• What to do: Using the records below, output the stretch that opens with the line containing "#32=ORIENTED_EDGE('',*,*,#31,.F.);" and closes with the line containing "#44=EDGE_LOOP('',(#43));", exactly and including both lines, with nothing more.

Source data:
******

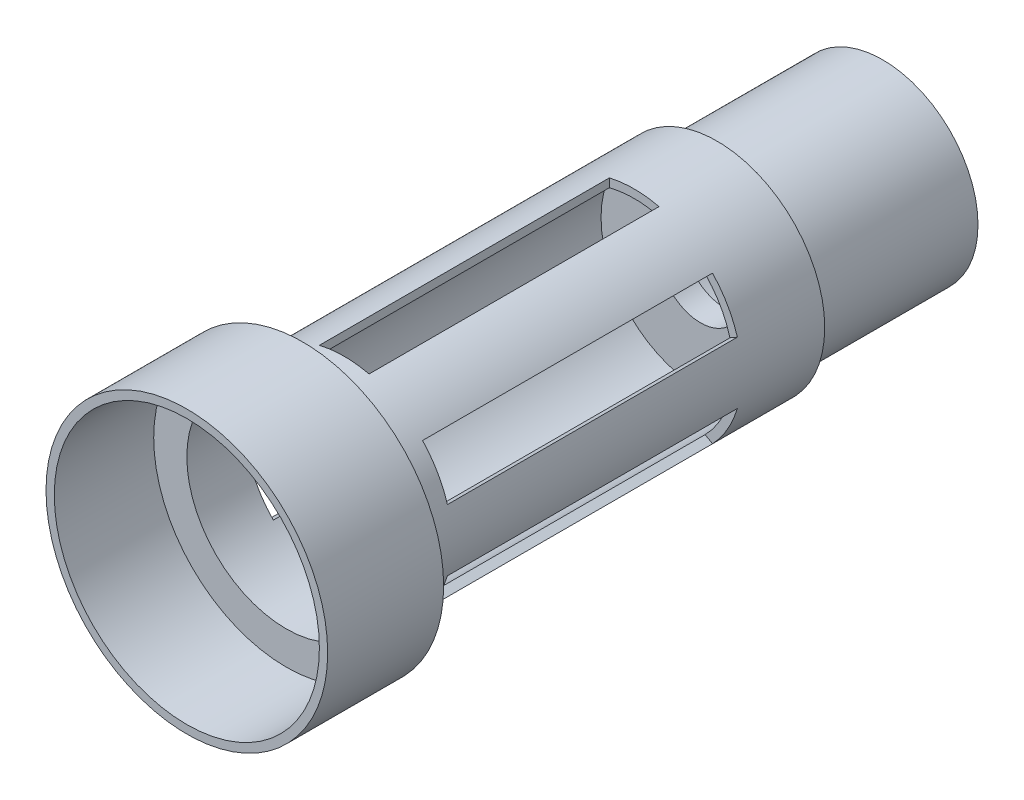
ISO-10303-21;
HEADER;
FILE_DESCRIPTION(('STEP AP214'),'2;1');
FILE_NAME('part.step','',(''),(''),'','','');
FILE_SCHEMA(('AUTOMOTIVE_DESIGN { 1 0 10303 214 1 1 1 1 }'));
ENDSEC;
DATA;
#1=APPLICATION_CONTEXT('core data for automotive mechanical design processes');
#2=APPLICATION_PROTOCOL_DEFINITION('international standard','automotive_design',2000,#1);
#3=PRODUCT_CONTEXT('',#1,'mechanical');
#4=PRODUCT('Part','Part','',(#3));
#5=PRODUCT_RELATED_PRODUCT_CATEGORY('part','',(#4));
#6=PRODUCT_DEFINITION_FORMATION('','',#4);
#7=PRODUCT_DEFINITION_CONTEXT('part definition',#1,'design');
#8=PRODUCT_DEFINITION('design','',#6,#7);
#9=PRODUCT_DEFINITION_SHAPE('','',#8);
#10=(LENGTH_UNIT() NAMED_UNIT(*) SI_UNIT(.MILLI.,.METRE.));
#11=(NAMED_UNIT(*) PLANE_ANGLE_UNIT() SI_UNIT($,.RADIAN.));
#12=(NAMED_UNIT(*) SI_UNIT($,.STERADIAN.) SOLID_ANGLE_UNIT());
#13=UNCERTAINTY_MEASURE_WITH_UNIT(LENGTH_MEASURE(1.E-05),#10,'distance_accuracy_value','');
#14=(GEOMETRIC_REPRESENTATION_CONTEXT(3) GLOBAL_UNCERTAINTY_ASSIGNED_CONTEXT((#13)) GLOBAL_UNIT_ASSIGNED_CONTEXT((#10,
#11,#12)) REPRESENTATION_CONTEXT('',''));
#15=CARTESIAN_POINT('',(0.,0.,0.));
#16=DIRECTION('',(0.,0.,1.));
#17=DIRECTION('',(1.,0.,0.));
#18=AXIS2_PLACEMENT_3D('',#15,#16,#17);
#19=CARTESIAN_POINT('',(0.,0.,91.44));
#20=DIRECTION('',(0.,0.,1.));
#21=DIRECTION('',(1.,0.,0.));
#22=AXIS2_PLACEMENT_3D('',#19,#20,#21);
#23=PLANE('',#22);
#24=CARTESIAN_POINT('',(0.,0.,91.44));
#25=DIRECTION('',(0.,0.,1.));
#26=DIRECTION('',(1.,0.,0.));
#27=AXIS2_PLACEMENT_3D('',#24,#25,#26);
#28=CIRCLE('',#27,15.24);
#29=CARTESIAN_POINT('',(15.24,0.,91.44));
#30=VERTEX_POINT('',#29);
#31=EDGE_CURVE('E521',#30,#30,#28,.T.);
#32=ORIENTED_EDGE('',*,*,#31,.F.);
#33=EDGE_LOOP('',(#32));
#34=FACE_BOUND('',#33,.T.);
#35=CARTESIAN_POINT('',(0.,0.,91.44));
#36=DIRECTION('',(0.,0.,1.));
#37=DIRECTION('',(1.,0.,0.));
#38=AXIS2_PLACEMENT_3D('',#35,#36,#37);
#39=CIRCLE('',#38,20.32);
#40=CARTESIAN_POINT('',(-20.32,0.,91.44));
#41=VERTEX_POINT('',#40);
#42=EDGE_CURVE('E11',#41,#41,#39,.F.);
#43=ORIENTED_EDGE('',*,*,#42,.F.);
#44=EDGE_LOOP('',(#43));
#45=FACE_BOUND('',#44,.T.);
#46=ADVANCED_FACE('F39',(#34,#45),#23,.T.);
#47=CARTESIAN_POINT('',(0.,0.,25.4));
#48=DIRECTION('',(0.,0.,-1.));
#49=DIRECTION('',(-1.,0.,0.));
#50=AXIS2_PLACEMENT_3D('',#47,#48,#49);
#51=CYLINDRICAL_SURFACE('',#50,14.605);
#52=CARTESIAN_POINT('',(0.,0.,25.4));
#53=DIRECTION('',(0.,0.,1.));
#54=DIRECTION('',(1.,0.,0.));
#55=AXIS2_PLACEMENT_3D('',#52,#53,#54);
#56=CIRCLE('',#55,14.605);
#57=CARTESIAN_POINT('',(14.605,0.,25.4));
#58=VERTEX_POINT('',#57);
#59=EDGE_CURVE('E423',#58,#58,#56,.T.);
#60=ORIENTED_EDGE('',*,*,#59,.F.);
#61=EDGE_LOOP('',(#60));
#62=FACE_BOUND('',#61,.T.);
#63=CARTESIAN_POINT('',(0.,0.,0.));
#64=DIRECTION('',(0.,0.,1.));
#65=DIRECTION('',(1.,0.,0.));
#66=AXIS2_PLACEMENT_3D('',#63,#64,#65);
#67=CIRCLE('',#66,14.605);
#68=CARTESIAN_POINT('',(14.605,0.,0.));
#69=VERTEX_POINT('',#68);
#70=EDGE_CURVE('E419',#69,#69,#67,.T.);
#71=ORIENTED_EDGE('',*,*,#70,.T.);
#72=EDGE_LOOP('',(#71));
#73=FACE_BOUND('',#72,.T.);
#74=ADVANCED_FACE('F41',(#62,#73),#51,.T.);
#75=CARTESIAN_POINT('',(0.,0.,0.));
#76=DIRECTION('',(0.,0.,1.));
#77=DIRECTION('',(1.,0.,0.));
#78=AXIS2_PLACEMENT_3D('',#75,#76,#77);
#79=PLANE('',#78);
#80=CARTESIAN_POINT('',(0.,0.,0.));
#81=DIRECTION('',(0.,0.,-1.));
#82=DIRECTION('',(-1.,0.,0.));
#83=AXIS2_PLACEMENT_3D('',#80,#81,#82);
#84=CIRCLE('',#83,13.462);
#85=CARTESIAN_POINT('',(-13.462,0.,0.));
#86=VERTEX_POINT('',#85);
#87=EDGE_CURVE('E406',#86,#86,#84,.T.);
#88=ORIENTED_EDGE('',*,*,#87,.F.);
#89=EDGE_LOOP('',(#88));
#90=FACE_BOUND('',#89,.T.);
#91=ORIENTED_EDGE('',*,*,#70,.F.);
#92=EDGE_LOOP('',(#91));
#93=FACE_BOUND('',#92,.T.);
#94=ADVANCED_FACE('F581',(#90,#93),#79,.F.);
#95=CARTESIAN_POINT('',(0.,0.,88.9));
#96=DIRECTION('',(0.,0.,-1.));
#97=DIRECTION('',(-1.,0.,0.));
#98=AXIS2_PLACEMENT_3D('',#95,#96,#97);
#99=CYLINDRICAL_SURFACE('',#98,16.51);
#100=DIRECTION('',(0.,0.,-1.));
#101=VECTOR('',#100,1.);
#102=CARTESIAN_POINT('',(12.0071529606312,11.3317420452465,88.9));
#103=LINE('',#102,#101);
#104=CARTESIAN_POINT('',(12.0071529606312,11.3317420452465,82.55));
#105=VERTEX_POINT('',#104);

******

• Response to the task:
#32=ORIENTED_EDGE('',*,*,#31,.F.);
#33=EDGE_LOOP('',(#32));
#34=FACE_BOUND('',#33,.T.);
#35=CARTESIAN_POINT('',(0.,0.,91.44));
#36=DIRECTION('',(0.,0.,1.));
#37=DIRECTION('',(1.,0.,0.));
#38=AXIS2_PLACEMENT_3D('',#35,#36,#37);
#39=CIRCLE('',#38,20.32);
#40=CARTESIAN_POINT('',(-20.32,0.,91.44));
#41=VERTEX_POINT('',#40);
#42=EDGE_CURVE('E11',#41,#41,#39,.F.);
#43=ORIENTED_EDGE('',*,*,#42,.F.);
#44=EDGE_LOOP('',(#43));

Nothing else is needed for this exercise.